PHP sessions

carole2

session_start();
//fix for IE-5
header("Cache-control: private");
//if cookies are accepted then
if (SID == "" ) {

//authenticate code is here 

//Sid is not blank and cookies are not supported.
else{
$location_url=$site_url."nocookie.php?".$cat_url;
 header('Location: '.$location_url);
exit();} 
[/Php]

I used the above code for some time in my login process and my ISP upgraded to Redhat Enterprise 3 and users started getting the no cookie support (else statement above), the first time they tried to login even when their browsers were set to accept cookies. But the second time to login it was okay. Im not sure if it is realted to the upgrade but it is the only thing that has changed. I had to remove the if statement for checking for browser cookie support. Is there any other way to check for bowser cookie support?

drawmack

If I really HAVE to know if cookies are supported by the user then on the main page I check for the existence of a session variable. If the session variable is not set then I set the variable and a cookie and send a header redirect to the same page. Then on the reload the session variable exists so I check for the cookie, if it is not found I store a session variable that tells me this user doesn't support cookies.

carole2

I think I follow, Could you possibly give me a coding sample.

Thanks

bretticus

I've done something similiar in the the past to drawmack's suggestion (sorry drawmack, for butting in. I'm in a helpful mood tonight ;-)

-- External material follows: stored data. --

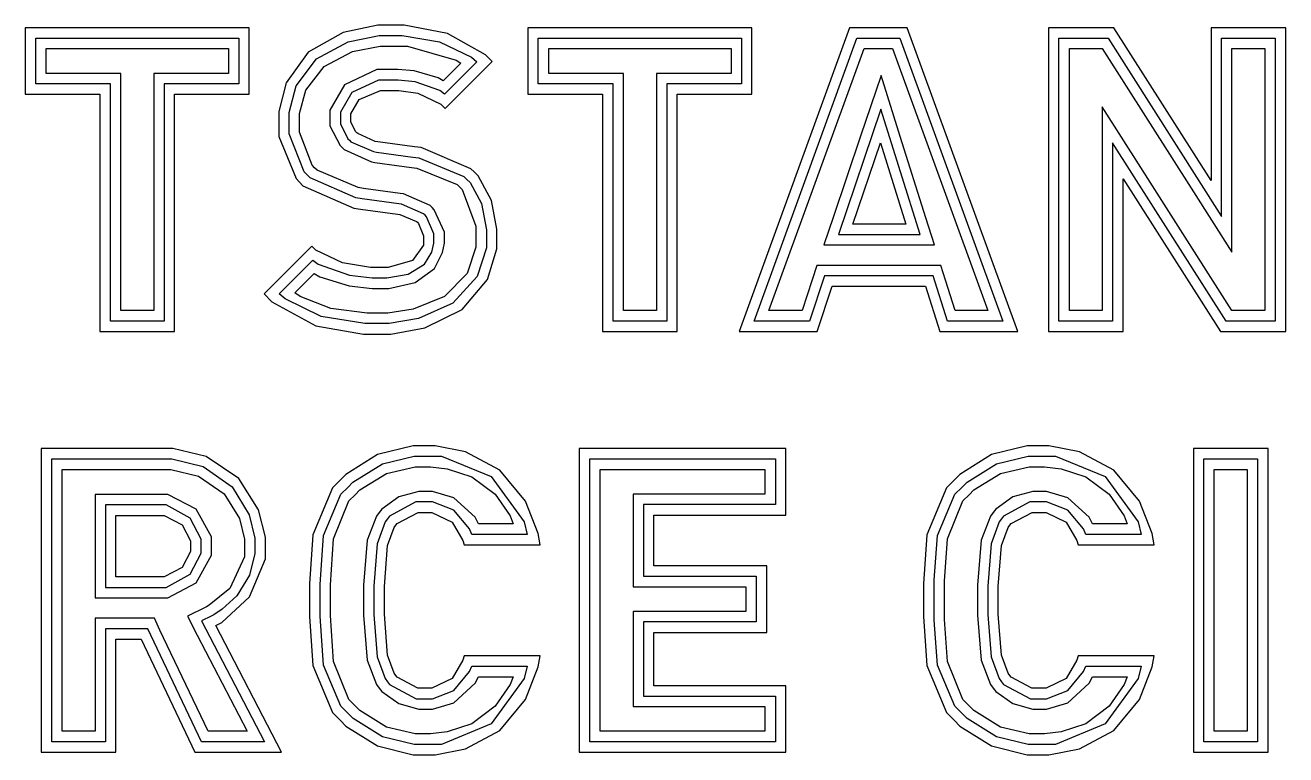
# Model space of a CAD drawing. Extents: x 0.04 to 2.97, y 0.03 to 0.52.
# Drawn here: x 1.362 to 2.199, y 0.034 to 0.519 of the extents above; entities that cross this region are included whole.
import ezdxf

# ---------------------------------------------------------------- set-up
doc = ezdxf.new("R2010")
doc.units = 0
doc.layers.get('0').update_dxf_attribs({"linetype": 'CONTINUOUS'})

msp = doc.modelspace()

# ---------------------------------------------------------------- linework, layer by layer
at = {"color": 0}
for p, q in [((1.59608, 0.51888), (1.57292, 0.51411)), ((1.60385, 0.51888), (1.59608, 0.51888)), ((1.61339, 0.51888), (1.60385, 0.51888)), ((1.64219, 0.51335), (1.61339, 0.51888)), ((1.51069, 0.5172), (1.36193, 0.5172)), ((1.36193, 0.5172), (1.36193, 0.47298)), ((1.51069, 0.47298), (1.51069, 0.5172)), ((1.57292, 0.51411), (1.54975, 0.50087)), ((1.57628, 0.50792), (1.59694, 0.51194)), ((1.59694, 0.51194), (1.60385, 0.51194)), ((1.60385, 0.51194), (1.61208, 0.51194)), ((1.61208, 0.51194), (1.63688, 0.50776)), ((1.66749, 0.49913), (1.64219, 0.51335)), ((1.84435, 0.5172), (1.69558, 0.5172)), ((1.69558, 0.5172), (1.69558, 0.47298)), ((1.90918, 0.5172), (1.83578, 0.31543)), ((1.84435, 0.47298), (1.84435, 0.5172)), ((1.94743, 0.5172), (1.90918, 0.5172)), ((2.02078, 0.31543), (1.94743, 0.5172)), ((2.08447, 0.5172), (2.04112, 0.5172)), ((2.04112, 0.5172), (2.04112, 0.31543)), ((2.14908, 0.41574), (2.08447, 0.5172)), ((2.19868, 0.5172), (2.14908, 0.5172)), ((2.14908, 0.5172), (2.14908, 0.41574)), ((2.19868, 0.31543), (2.19868, 0.5172)), ((1.36887, 0.47993), (1.36887, 0.51025)), ((1.36887, 0.51025), (1.50375, 0.51025)), ((1.37581, 0.48687), (1.37581, 0.50331)), ((1.37581, 0.50331), (1.49681, 0.50331)), ((1.49681, 0.50331), (1.49681, 0.48687)), ((1.50375, 0.51025), (1.50375, 0.47993)), ((1.55524, 0.49647), (1.57628, 0.50792)), ((1.57915, 0.50147), (1.59765, 0.50499)), ((1.59765, 0.50499), (1.60385, 0.50499)), ((1.60385, 0.50499), (1.61567, 0.50499)), ((1.61567, 0.50499), (1.64806, 0.49571)), ((1.63688, 0.50776), (1.65815, 0.49761)), ((1.70253, 0.47993), (1.70253, 0.51025)), ((1.70253, 0.51025), (1.8374, 0.51025)), ((1.70947, 0.48687), (1.70947, 0.50331)), ((1.70947, 0.50331), (1.83046, 0.50331)), ((1.83046, 0.50331), (1.83046, 0.48687)), ((1.8374, 0.51025), (1.8374, 0.47993)), ((1.84571, 0.32237), (1.91401, 0.51025)), ((1.85558, 0.32932), (1.91889, 0.50331)), ((1.91401, 0.51025), (1.94254, 0.51025)), ((1.91889, 0.50331), (1.93767, 0.50331)), ((1.93767, 0.50331), (2.00097, 0.32932)), ((1.94254, 0.51025), (2.01085, 0.32237)), ((2.04807, 0.32237), (2.04807, 0.51025)), ((2.04807, 0.51025), (2.08068, 0.51025)), ((2.05501, 0.32932), (2.05501, 0.50331)), ((2.05501, 0.50331), (2.07682, 0.50331)), ((2.07682, 0.50331), (2.13738, 0.40826)), ((2.08068, 0.51025), (2.15603, 0.39193)), ((2.15603, 0.39193), (2.15603, 0.51025)), ((2.15603, 0.51025), (2.19174, 0.51025)), ((2.16297, 0.41574), (2.16297, 0.50331)), ((2.16297, 0.50331), (2.18479, 0.50331)), ((2.18479, 0.50331), (2.18479, 0.32932)), ((2.19174, 0.51025), (2.19174, 0.32237)), ((1.54975, 0.50087), (1.53521, 0.48069)), ((1.54183, 0.47857), (1.55524, 0.49647)), ((1.56033, 0.49143), (1.57915, 0.50147)), ((1.65115, 0.49376), (1.63938, 0.48193)), ((1.66178, 0.49457), (1.64031, 0.47309)), ((1.64068, 0.46365), (1.67182, 0.49479)), ((1.64806, 0.49571), (1.65115, 0.49376)), ((1.65815, 0.49761), (1.66178, 0.49457)), ((1.67182, 0.49479), (1.66749, 0.49913)), ((1.41151, 0.48687), (1.37581, 0.48687)), ((1.4254, 0.48687), (1.41151, 0.48687)), ((1.4254, 0.47298), (1.4254, 0.48687)), ((1.4611, 0.48687), (1.44721, 0.48687)), ((1.44721, 0.48687), (1.44721, 0.47298)), ((1.49681, 0.48687), (1.4611, 0.48687)), ((1.54829, 0.47569), (1.56033, 0.49143)), ((1.59526, 0.48942), (1.57383, 0.47922)), ((1.60243, 0.48942), (1.59526, 0.48942)), ((1.60394, 0.48942), (1.60243, 0.48942)), ((1.60585, 0.48942), (1.60394, 0.48942)), ((1.60938, 0.48942), (1.60585, 0.48942)), ((1.62011, 0.4885), (1.60938, 0.48942)), ((1.63607, 0.48383), (1.62011, 0.4885)), ((1.74517, 0.48687), (1.70947, 0.48687)), ((1.75906, 0.48687), (1.74517, 0.48687)), ((1.75906, 0.47298), (1.75906, 0.48687)), ((1.79476, 0.48687), (1.78088, 0.48687)), ((1.78088, 0.48687), (1.78088, 0.47298)), ((1.83046, 0.48687), (1.79476, 0.48687)), ((1.93001, 0.48546), (1.91639, 0.4451)), ((1.94282, 0.44488), (1.93001, 0.48546)), ((1.41846, 0.47993), (1.36887, 0.47993)), ((1.41846, 0.32237), (1.41846, 0.47993)), ((1.50375, 0.47993), (1.45415, 0.47993)), ((1.45415, 0.47993), (1.45415, 0.32237)), ((1.53521, 0.48069), (1.53017, 0.46153)), ((1.53711, 0.46099), (1.54183, 0.47857)), ((1.57383, 0.47922), (1.56418, 0.46246)), ((1.59646, 0.48248), (1.57872, 0.47428)), ((1.60243, 0.48248), (1.59646, 0.48248)), ((1.60585, 0.48248), (1.60243, 0.48248)), ((1.60954, 0.48248), (1.60585, 0.48248)), ((1.62076, 0.48134), (1.60954, 0.48248)), ((1.63704, 0.47548), (1.62076, 0.48134)), ((1.63938, 0.48193), (1.63607, 0.48383)), ((1.75211, 0.47993), (1.70253, 0.47993)), ((1.75211, 0.32237), (1.75211, 0.47993)), ((1.8374, 0.47993), (1.78782, 0.47993)), ((1.78782, 0.47993), (1.78782, 0.32237)), ((1.36193, 0.47298), (1.41151, 0.47298)), ((1.41151, 0.47298), (1.41151, 0.31543)), ((1.4254, 0.32932), (1.4254, 0.47298)), ((1.44721, 0.47298), (1.44721, 0.32932)), ((1.4611, 0.31543), (1.4611, 0.47298)), ((1.4611, 0.47298), (1.51069, 0.47298)), ((1.54406, 0.46029), (1.54829, 0.47569)), ((1.57872, 0.47428), (1.57113, 0.46121)), ((1.57807, 0.46002), (1.58371, 0.46951)), ((1.58371, 0.46951), (1.59771, 0.47553)), ((1.59771, 0.47553), (1.60243, 0.47553)), ((1.60243, 0.47553), (1.60325, 0.47553)), ((1.60325, 0.47553), (1.60519, 0.47553)), ((1.60519, 0.47553), (1.60585, 0.47553)), ((1.60585, 0.47553), (1.60997, 0.47553)), ((1.60997, 0.47553), (1.6225, 0.47385)), ((1.6225, 0.47385), (1.63786, 0.46647)), ((1.64031, 0.47309), (1.63704, 0.47548)), ((1.69558, 0.47298), (1.74517, 0.47298)), ((1.74517, 0.47298), (1.74517, 0.31543)), ((1.75906, 0.32932), (1.75906, 0.47298)), ((1.78088, 0.47298), (1.78088, 0.32932)), ((1.79476, 0.31543), (1.79476, 0.47298)), ((1.79476, 0.47298), (1.84435, 0.47298)), ((1.53017, 0.46153), (1.53017, 0.45513)), ((1.53711, 0.45513), (1.53711, 0.46099)), ((1.54406, 0.45513), (1.54406, 0.46029)), ((1.56418, 0.46246), (1.56418, 0.45681)), ((1.57113, 0.46121), (1.57113, 0.45681)), ((1.63786, 0.46647), (1.64068, 0.46365)), ((1.92979, 0.46305), (1.90175, 0.37988)), ((1.956, 0.37988), (1.92979, 0.46305)), ((2.10243, 0.42432), (2.07682, 0.46457)), ((2.07682, 0.46457), (2.07682, 0.41688)), ((1.53017, 0.45513), (1.53017, 0.44504)), ((1.53711, 0.44672), (1.53711, 0.45513)), ((1.54406, 0.44786), (1.54406, 0.45513)), ((1.56418, 0.45681), (1.56418, 0.45204)), ((1.56418, 0.45204), (1.5709, 0.43896)), ((1.57113, 0.45681), (1.57113, 0.45329)), ((1.57113, 0.45329), (1.57611, 0.44352)), ((1.57807, 0.45681), (1.57807, 0.46002)), ((1.57807, 0.4547), (1.57807, 0.45681)), ((1.58122, 0.4483), (1.57807, 0.4547)), ((1.53017, 0.44504), (1.54172, 0.41705)), ((1.54704, 0.4215), (1.53711, 0.44672)), ((1.55236, 0.426), (1.54406, 0.44786)), ((1.57611, 0.44352), (1.5771, 0.44255)), ((1.58203, 0.44748), (1.58122, 0.4483)), ((1.58262, 0.44689), (1.58203, 0.44748)), ((1.59413, 0.44173), (1.58262, 0.44689)), ((1.91639, 0.4451), (1.89828, 0.39128)), ((1.95979, 0.391), (1.94282, 0.44488)), ((1.5709, 0.43896), (1.57221, 0.43766)), ((1.57221, 0.43766), (1.57357, 0.43631)), ((1.57357, 0.43631), (1.59179, 0.42806)), ((1.5771, 0.44255), (1.57818, 0.44146)), ((1.57818, 0.44146), (1.59315, 0.4349)), ((1.59592, 0.44151), (1.59413, 0.44173)), ((1.62028, 0.43815), (1.59592, 0.44151)), ((1.62478, 0.43755), (1.62028, 0.43815)), ((1.65782, 0.42356), (1.62478, 0.43755)), ((1.9114, 0.38683), (1.92958, 0.4407)), ((1.92958, 0.4407), (1.94656, 0.38683)), ((2.15913, 0.32237), (2.08376, 0.4407)), ((2.08376, 0.4407), (2.08376, 0.32237)), ((1.59179, 0.42806), (1.59403, 0.42779)), ((1.59315, 0.4349), (1.59506, 0.43462)), ((1.59403, 0.42779), (1.61833, 0.42437)), ((1.59506, 0.43462), (1.61931, 0.43126)), ((1.61931, 0.43126), (1.62332, 0.43072)), ((1.62332, 0.43072), (1.65315, 0.4184)), ((1.54904, 0.41943), (1.54704, 0.4215)), ((1.551, 0.41743), (1.54904, 0.41943)), ((1.55404, 0.42426), (1.55236, 0.426)), ((1.55572, 0.42253), (1.55404, 0.42426)), ((1.58285, 0.41108), (1.55572, 0.42253)), ((1.61833, 0.42437), (1.62196, 0.42388)), ((1.62196, 0.42388), (1.6486, 0.41314)), ((1.65315, 0.4184), (1.65506, 0.4165)), ((1.65994, 0.42139), (1.65782, 0.42356)), ((1.6626, 0.41878), (1.65994, 0.42139)), ((1.67144, 0.4024), (1.6626, 0.41878)), ((2.16292, 0.32932), (2.10243, 0.42432)), ((1.54172, 0.41705), (1.54406, 0.41461)), ((1.54406, 0.41461), (1.54628, 0.41227)), ((1.54628, 0.41227), (1.58008, 0.39741)), ((1.58143, 0.40424), (1.551, 0.41743)), ((1.58653, 0.41054), (1.58285, 0.41108)), ((1.61089, 0.40712), (1.58653, 0.41054)), ((1.6486, 0.41314), (1.65028, 0.41146)), ((1.65028, 0.41146), (1.65207, 0.40967)), ((1.65506, 0.4165), (1.65722, 0.41439)), ((1.65722, 0.41439), (1.66476, 0.40039)), ((2.07682, 0.41688), (2.07682, 0.32932)), ((2.09071, 0.31543), (2.09071, 0.41688)), ((2.09071, 0.41688), (2.15533, 0.31543)), ((2.16297, 0.36811), (2.16297, 0.41574)), ((1.58556, 0.40365), (1.58143, 0.40424)), ((1.60986, 0.40023), (1.58556, 0.40365)), ((1.61312, 0.40685), (1.61089, 0.40712)), ((1.63081, 0.39903), (1.61312, 0.40685)), ((1.65207, 0.40967), (1.66108, 0.38536)), ((1.67497, 0.38352), (1.67144, 0.4024)), ((2.13738, 0.40826), (2.16297, 0.36811)), ((1.58008, 0.39741), (1.58458, 0.39676)), ((1.58458, 0.39676), (1.60894, 0.39339)), ((1.60894, 0.39339), (1.61057, 0.39317)), ((1.61176, 0.40001), (1.60986, 0.40023)), ((1.62636, 0.39366), (1.61176, 0.40001)), ((1.62739, 0.39263), (1.62636, 0.39366)), ((1.63206, 0.39779), (1.63081, 0.39903)), ((1.6334, 0.39632), (1.63206, 0.39779)), ((1.64014, 0.38151), (1.6334, 0.39632)), ((1.66476, 0.40039), (1.66803, 0.38303)), ((1.61057, 0.39317), (1.62158, 0.38862)), ((1.62158, 0.38862), (1.62224, 0.38797)), ((1.62224, 0.38797), (1.62294, 0.38721)), ((1.62294, 0.38721), (1.62625, 0.37891)), ((1.62836, 0.3916), (1.62739, 0.39263)), ((1.63319, 0.38026), (1.62836, 0.3916)), ((1.66108, 0.38536), (1.66108, 0.37722)), ((1.89828, 0.39128), (1.89208, 0.37294)), ((1.94656, 0.38683), (1.9114, 0.38683)), ((1.9655, 0.37294), (1.95979, 0.391)), ((1.62625, 0.37891), (1.62625, 0.37609)), ((1.63319, 0.37609), (1.63319, 0.38026)), ((1.64014, 0.37609), (1.64014, 0.38151)), ((1.66108, 0.37722), (1.66108, 0.37147)), ((1.66803, 0.38303), (1.66803, 0.37722)), ((1.66803, 0.37722), (1.66803, 0.37093)), ((1.67497, 0.37722), (1.67497, 0.38352)), ((1.67497, 0.37044), (1.67497, 0.37722)), ((1.90175, 0.37988), (1.956, 0.37988)), ((1.55225, 0.37212), (1.52056, 0.34039)), ((1.55485, 0.36952), (1.55225, 0.37212)), ((1.57264, 0.36117), (1.55485, 0.36952)), ((1.62625, 0.37278), (1.61908, 0.36268)), ((1.62625, 0.37609), (1.62625, 0.37278)), ((1.62696, 0.36008), (1.63194, 0.36822)), ((1.63194, 0.36822), (1.63319, 0.37413)), ((1.63319, 0.37413), (1.63319, 0.37609)), ((1.639, 0.36795), (1.64014, 0.37408)), ((1.64014, 0.37408), (1.64014, 0.37609)), ((1.66108, 0.37147), (1.65522, 0.35406)), ((1.66803, 0.37093), (1.66189, 0.35194)), ((1.66872, 0.34999), (1.67497, 0.37044)), ((1.89208, 0.37294), (1.9114, 0.37294)), ((1.9114, 0.37294), (1.94656, 0.37294)), ((1.94656, 0.37294), (1.9655, 0.37294)), ((1.53049, 0.34049), (1.55274, 0.36274)), ((1.55274, 0.36274), (1.55642, 0.36013)), ((1.55642, 0.36013), (1.57715, 0.35297)), ((1.59114, 0.35796), (1.57264, 0.36117)), ((1.61908, 0.36268), (1.60275, 0.35796)), ((1.61604, 0.35362), (1.62696, 0.36008)), ((1.63363, 0.35731), (1.639, 0.36795)), ((1.54096, 0.34115), (1.55371, 0.3539)), ((1.55371, 0.3539), (1.5574, 0.35183)), ((1.5574, 0.35183), (1.57704, 0.34586)), ((1.57715, 0.35297), (1.59229, 0.35102)), ((1.59733, 0.35796), (1.59114, 0.35796)), ((1.60275, 0.35796), (1.59733, 0.35796)), ((1.602, 0.35102), (1.61604, 0.35362)), ((1.62076, 0.34804), (1.63363, 0.35731)), ((1.65522, 0.35406), (1.64014, 0.3387)), ((1.66189, 0.35194), (1.64578, 0.33431)), ((1.89253, 0.35243), (1.8826, 0.32237)), ((1.88747, 0.35938), (1.88433, 0.34983)), ((1.89751, 0.35938), (1.88747, 0.35938)), ((1.96468, 0.35243), (1.89253, 0.35243)), ((1.95958, 0.35938), (1.89751, 0.35938)), ((1.96978, 0.35938), (1.95958, 0.35938)), ((1.97407, 0.32237), (1.96468, 0.35243)), ((1.97287, 0.34961), (1.96978, 0.35938)), ((1.57704, 0.34586), (1.59224, 0.34408)), ((1.59224, 0.34408), (1.59733, 0.34408)), ((1.59229, 0.35102), (1.59733, 0.35102)), ((1.59733, 0.35102), (1.602, 0.35102)), ((1.59733, 0.34408), (1.60319, 0.34408)), ((1.60319, 0.34408), (1.62076, 0.34804)), ((1.65192, 0.33013), (1.66872, 0.34999)), ((1.88433, 0.34983), (1.87756, 0.32932)), ((1.88758, 0.31543), (1.89751, 0.34549)), ((1.89751, 0.34549), (1.95958, 0.34549)), ((1.95958, 0.34549), (1.96897, 0.31543)), ((1.97917, 0.32932), (1.97287, 0.34961)), ((1.52056, 0.34039), (1.52567, 0.33518)), ((1.52567, 0.33518), (1.55485, 0.31923)), ((1.53444, 0.33708), (1.53049, 0.34049)), ((1.55843, 0.32541), (1.53444, 0.33708)), ((1.54438, 0.33881), (1.54096, 0.34115)), ((1.56478, 0.33084), (1.54438, 0.33881)), ((1.64014, 0.3387), (1.61947, 0.33024)), ((1.44721, 0.32932), (1.4254, 0.32932)), ((1.58897, 0.32764), (1.56478, 0.33084)), ((1.59706, 0.32764), (1.58897, 0.32764)), ((1.60265, 0.32764), (1.59706, 0.32764)), ((1.61947, 0.33024), (1.60265, 0.32764)), ((1.64578, 0.33431), (1.62304, 0.32406)), ((1.62711, 0.31793), (1.65192, 0.33013)), ((1.78088, 0.32932), (1.75906, 0.32932)), ((1.87756, 0.32932), (1.85558, 0.32932)), ((2.00097, 0.32932), (1.97917, 0.32932)), ((2.07682, 0.32932), (2.05501, 0.32932)), ((2.18479, 0.32932), (2.16292, 0.32932)), ((1.45415, 0.32237), (1.41846, 0.32237)), ((1.55485, 0.31923), (1.58649, 0.31375)), ((1.5874, 0.32069), (1.55843, 0.32541)), ((1.59706, 0.32069), (1.5874, 0.32069)), ((1.60351, 0.32069), (1.59706, 0.32069)), ((1.62304, 0.32406), (1.60351, 0.32069)), ((1.78782, 0.32237), (1.75211, 0.32237)), ((1.8826, 0.32237), (1.84571, 0.32237)), ((2.01085, 0.32237), (1.97407, 0.32237)), ((2.08376, 0.32237), (2.04807, 0.32237)), ((2.19174, 0.32237), (2.15913, 0.32237)), ((1.41151, 0.31543), (1.4611, 0.31543)), ((1.58649, 0.31375), (1.59706, 0.31375)), ((1.59706, 0.31375), (1.60454, 0.31375)), ((1.60454, 0.31375), (1.62711, 0.31793)), ((1.74517, 0.31543), (1.79476, 0.31543)), ((1.83578, 0.31543), (1.88758, 0.31543)), ((1.96897, 0.31543), (2.02078, 0.31543)), ((2.04112, 0.31543), (2.09071, 0.31543)), ((2.15533, 0.31543), (2.19868, 0.31543)), ((1.45247, 0.23779), (1.37256, 0.23779)), ((1.37256, 0.23779), (1.37256, 0.03608)), ((1.45985, 0.23779), (1.45247, 0.23779)), ((1.4821, 0.23237), (1.45985, 0.23779)), ((1.61936, 0.23947), (1.59581, 0.23372)), ((1.62722, 0.23947), (1.61936, 0.23947)), ((1.63396, 0.23947), (1.62722, 0.23947)), ((1.65424, 0.23551), (1.63396, 0.23947)), ((1.67703, 0.22331), (1.65424, 0.23551)), ((1.86686, 0.23779), (1.72971, 0.23779)), ((1.72971, 0.23779), (1.72971, 0.03608)), ((1.86686, 0.19358), (1.86686, 0.23779)), ((2.02692, 0.23947), (2.00342, 0.23372)), ((2.03478, 0.23947), (2.02692, 0.23947)), ((2.0415, 0.23947), (2.03478, 0.23947)), ((2.06179, 0.23551), (2.0415, 0.23947)), ((2.08458, 0.22331), (2.06179, 0.23551)), ((2.1869, 0.23779), (2.13732, 0.23779)), ((2.13732, 0.23779), (2.13732, 0.03608)), ((2.1869, 0.03608), (2.1869, 0.23779)), ((1.3795, 0.04302), (1.3795, 0.23085)), ((1.3795, 0.23085), (1.45247, 0.23085)), ((1.45247, 0.23085), (1.45936, 0.23085)), ((1.45936, 0.23085), (1.48008, 0.22575)), ((1.50364, 0.21783), (1.4821, 0.23237)), ((1.59581, 0.23372), (1.57476, 0.22054)), ((1.57949, 0.21544), (1.59901, 0.22754)), ((1.59901, 0.22754), (1.62017, 0.23258)), ((1.62017, 0.23258), (1.62722, 0.23258)), ((1.62722, 0.23258), (1.63818, 0.23258)), ((1.63818, 0.23258), (1.67122, 0.21907)), ((1.73665, 0.04302), (1.73665, 0.23085)), ((1.73665, 0.23085), (1.85992, 0.23085)), ((1.85992, 0.23085), (1.85992, 0.20058)), ((2.00342, 0.23372), (1.98236, 0.22054)), ((1.98708, 0.21544), (2.00663, 0.22754)), ((2.00663, 0.22754), (2.02772, 0.23258)), ((2.02772, 0.23258), (2.03478, 0.23258)), ((2.03478, 0.23258), (2.04574, 0.23258)), ((2.04574, 0.23258), (2.07878, 0.21907)), ((2.14426, 0.23085), (2.17996, 0.23085)), ((2.14426, 0.04302), (2.14426, 0.23085)), ((2.17996, 0.23085), (2.17996, 0.04302)), ((1.38645, 0.04997), (1.38645, 0.2239)), ((1.38645, 0.2239), (1.45247, 0.2239)), ((1.45247, 0.2239), (1.45856, 0.2239)), ((1.45856, 0.2239), (1.47694, 0.2194)), ((1.47694, 0.2194), (1.49408, 0.20763)), ((1.48008, 0.22575), (1.49935, 0.2124)), ((1.51682, 0.19705), (1.50364, 0.21783)), ((1.57476, 0.22054), (1.57113, 0.21685)), ((1.5841, 0.21023), (1.60172, 0.22108)), ((1.60172, 0.22108), (1.62082, 0.22559)), ((1.62082, 0.22559), (1.62722, 0.22559)), ((1.62722, 0.22559), (1.63092, 0.22559)), ((1.63092, 0.22559), (1.64204, 0.22428)), ((1.64204, 0.22428), (1.65847, 0.21886)), ((1.65847, 0.21886), (1.67393, 0.20736)), ((1.67122, 0.21907), (1.69308, 0.18902)), ((1.69401, 0.20285), (1.67703, 0.22331)), ((1.7436, 0.04997), (1.7436, 0.2239)), ((1.7436, 0.2239), (1.85297, 0.2239)), ((1.85297, 0.2239), (1.85297, 0.20747)), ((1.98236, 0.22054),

Off the top of my head, this might work...

session_start();
$somevar = "someval";
if (!isset($_SESSION['somevar']) && !isset($_GET['chk'])) {
	$_SESSION['somevar'] = $somevar;
	Header("Location: {$_SERVER['PHP_SELF']}?chk=1");
} else {
	if ($_SESSION['somevar'] != $somevar)
		Header("Location: nocookies.php");
}

P.S. There's probably a better way to do the redirect without having to rely on the ?chk=1 showing up everytime if you put your imagination to it. Hope this gives you the gist though. The gist being that since sessions require a cookie, you can use them to test if a cookie can be written to the browser.

carole2

I see, thank you. I was wondering if there is any danger in using

if (SID == "" )

to check for cookies as I did above.